# What kind of fish is this?



## ClarkKentIsSuperman (Mar 17, 2012)

Got him free along with a gold fish and a sucker fish, dont know what he is.

http://i42.tinypic.com/m97hoz.jpg


----------



## Kehy (Apr 19, 2011)

Whatever he is, looks cute!


----------



## hanky (Jan 18, 2012)

He is a "3 Dot Gourami"


----------



## ClarkKentIsSuperman (Mar 17, 2012)

thank you.


----------



## Kehy (Apr 19, 2011)

3 spots are also known as blue gourami. Tough and hardy, a tropical fish that can get somewhat aggressive


----------



## ClarkKentIsSuperman (Mar 17, 2012)

i havnt seen any aggression out of him. i've got a huge gold fish and a sucker fish. he just minds his own business.


----------



## Kehy (Apr 19, 2011)

Note: your "sucker fish" is likely a common pleco- a tropical fish that can grow 18" long.
The gourami is a tropical fish as well, get them in a separate, heated tank from the goldfish.


----------



## ClarkKentIsSuperman (Mar 17, 2012)

do i really have to do that? the place i got the tank from had all 3 in the same tank with no heat for over a year i think they said


----------



## Kehy (Apr 19, 2011)

Do your own research, never trust what people say. 

For example, a single goldfish needs at least a 20 gallon tank, and every extra goldfish means another 10 gallons on that. They also need double or even triple the filtration that a tank of their size would typically need- they are extremely messy fish. They need that much room because they get so big and are so messy. A pond is realistically the best place for them though.


----------



## jbrown5217 (Nov 9, 2011)

ClarkKentIsSuperman said:


> do i really have to do that? the place i got the tank from had all 3 in the same tank with no heat for over a year i think they said


yup, the pleco and gourami are tropical and need temperatures in the range of 72 - 78 degrees Fahrenheit.

Goldfish are not tropical and require temperatures around 62 -68 degrees Fahrenheit and should never be kept in a temperature over 74 Fahrenheit. Goldfish do best in the 65 - 68 range as well. 

If you keep them in the same tank either the tropical fish or the goldfish will not thrive and will die at an early stage in their lives, or at least be caused irreversible harm. 

Just because the place you got them from had them in those conditions, doesn't mean they are the correct conditions.


----------



## ClarkKentIsSuperman (Mar 17, 2012)

can you tell what he is by just the bottom? 

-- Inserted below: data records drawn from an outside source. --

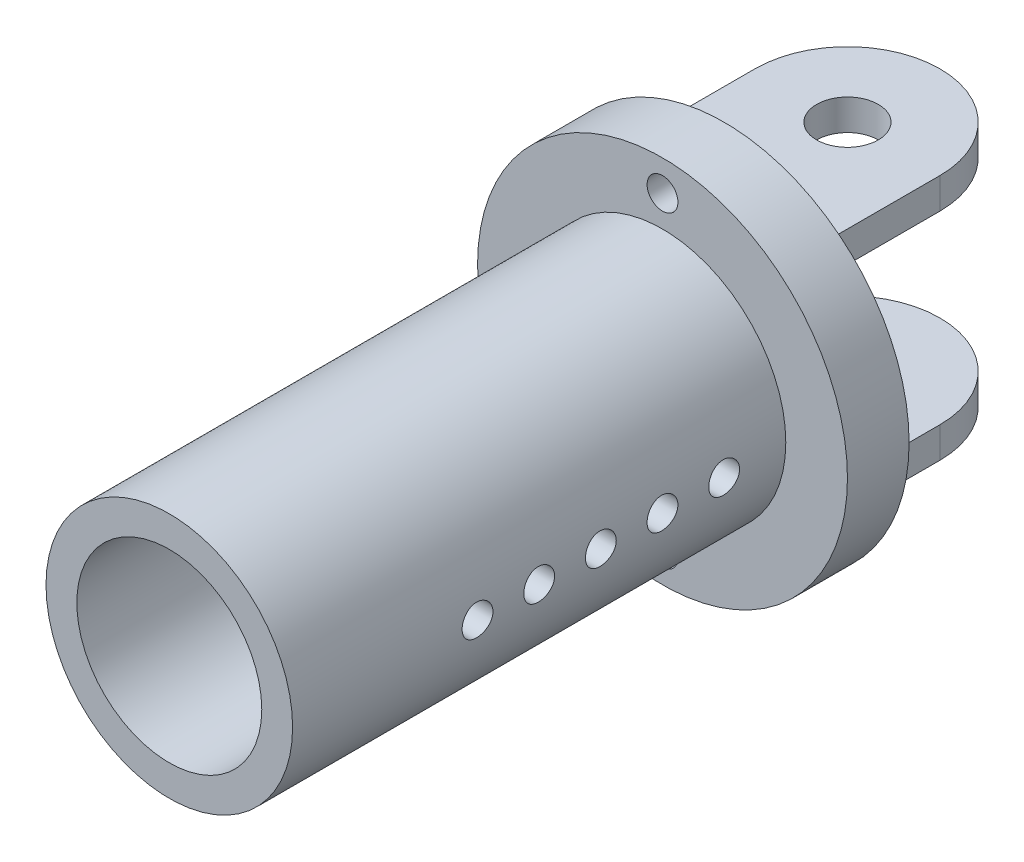
SolidWorks part; units mm, degrees
ref_plane "Front Plane" through (0, 0, 0) normal (0, 0, 1) x (1, 0, 0)
ref_plane "Top Plane" through (0, 0, 0) normal (0, 1, 0) x (1, 0, 0)
ref_plane "Right Plane" through (0, 0, 0) normal (1, 0, 0) x (0, 0, -1)
sketch "Sketch1" plane through (0, 0, 0) normal (0, 0, 1) x (1, 0, 0)
  circle A0 centre (0, 0) radius 19.05
  circle A1 centre (0, 0) radius 25.4
  circle A2 centre (0, 0) radius 38.1
  circle A3 centre (0, 0) radius 31.75 construction
  circle A4 centre (0, 31.75) radius 3.175
  circle A5 centre (0, -31.75) radius 3.175
  dimension "D1" = 76.2
  dimension "D2" = 50.8
  dimension "D3" = 38.1
  dimension "D4" = 63.5
  dimension "D5" = 6.35
extrude "Boss-Extrude1" add sketch "Sketch1" against normal blind 12.7 contours A2 A5 A4 A1 | A1 A0 region at (-24.6816, 0, 0) region at (-37.0224, 0, 0)
extrude "Boss-Extrude2" add sketch "Sketch1<3>" along normal blind 101.6 separate body contours A1 A0 region at (-24.6816, 0, 0)
sketch "Sketch1<3>" plane through (0, 0, 0) normal (0, 0, 1) x (1, 0, 0) same geometry as "Sketch1"
ref_plane "Plane1" through (0, 25.4, 0) normal (0, 1, 0) x (1, 0, 0)
sketch "Sketch2" plane through (0, 25.4, 0) normal (0, 1, 0) x (1, 0, 0)
  line L0 (19.05, 12.7) -> (19.05, 38.1)
  line L1 (25.4, -101.6) -> (25.4, 0) construction
  line L2 (-19.05, 38.1) -> (-19.05, 12.7)
  line L4 (3.175, 12.7) -> (-3.175, 12.7) construction
  line L5 (-19.05, 12.7) -> (19.05, 12.7)
  arc A0 (19.05, 38.1) -> (-19.05, 38.1) centre (0, 38.1) ccw
  circle A1 centre (0, 38.1) radius 6.35
  dimension "D2" = 38.1
  dimension "D3" = 12.7
  dimension "D1" = 25.4
extrude "Boss-Extrude3" add sketch "Sketch2" against normal blind 6.35
mirror "Mirror1" about plane through (0, 0, 0) normal (0, 1, 0) of "Boss-Extrude3"
sketch "Sketch3" plane through (0, 0, 0) normal (1, 0, 0) x (0, 0, -1)
  line L0 (0, 38.1) -> (0, -38.1) construction
  circle A0 centre (-63.5, 0) radius 3.175
  circle A1 centre (-50.8, 0) radius 3.175
  circle A2 centre (-38.1, 0) radius 3.175
  circle A3 centre (-25.4, 0) radius 3.175
  circle A4 centre (-12.7, 0) radius 3.175
  point P13 (0, 0)
  dimension "D3" = 6.35
  dimension "D2" = 12.7
  dimension "D4" = 50.8
  dimension "D1" = 5
extrude "Cut-Extrude1" cut sketch "Sketch3" against normal through all both and the other way through all

i have a smaller 10 gallon tank and an aquarium heater but im not sure if it works or not. i put my thermometer in the tank to see what the temperature is, ill post it in my next one. if its around 70 will they all be ok? id like to have only 1 tank but if they're gonna die i will switch them out.


----------



## ClarkKentIsSuperman (Mar 17, 2012)

i've got a hangon filter on the back, idk what it is because it came with the tank but it has 2 spots where the water comes out (idk what to call them)


----------



## jbrown5217 (Nov 9, 2011)

yep that looks like a common pleco to me. You need at least a 55 gallon tank for him and even then he will probably outgrow the tank. 

You do need to separate the goldfish from the gourami and pleco and get a much bigger tank (at least 55 gallons) or find a friend with a pond for the pleco.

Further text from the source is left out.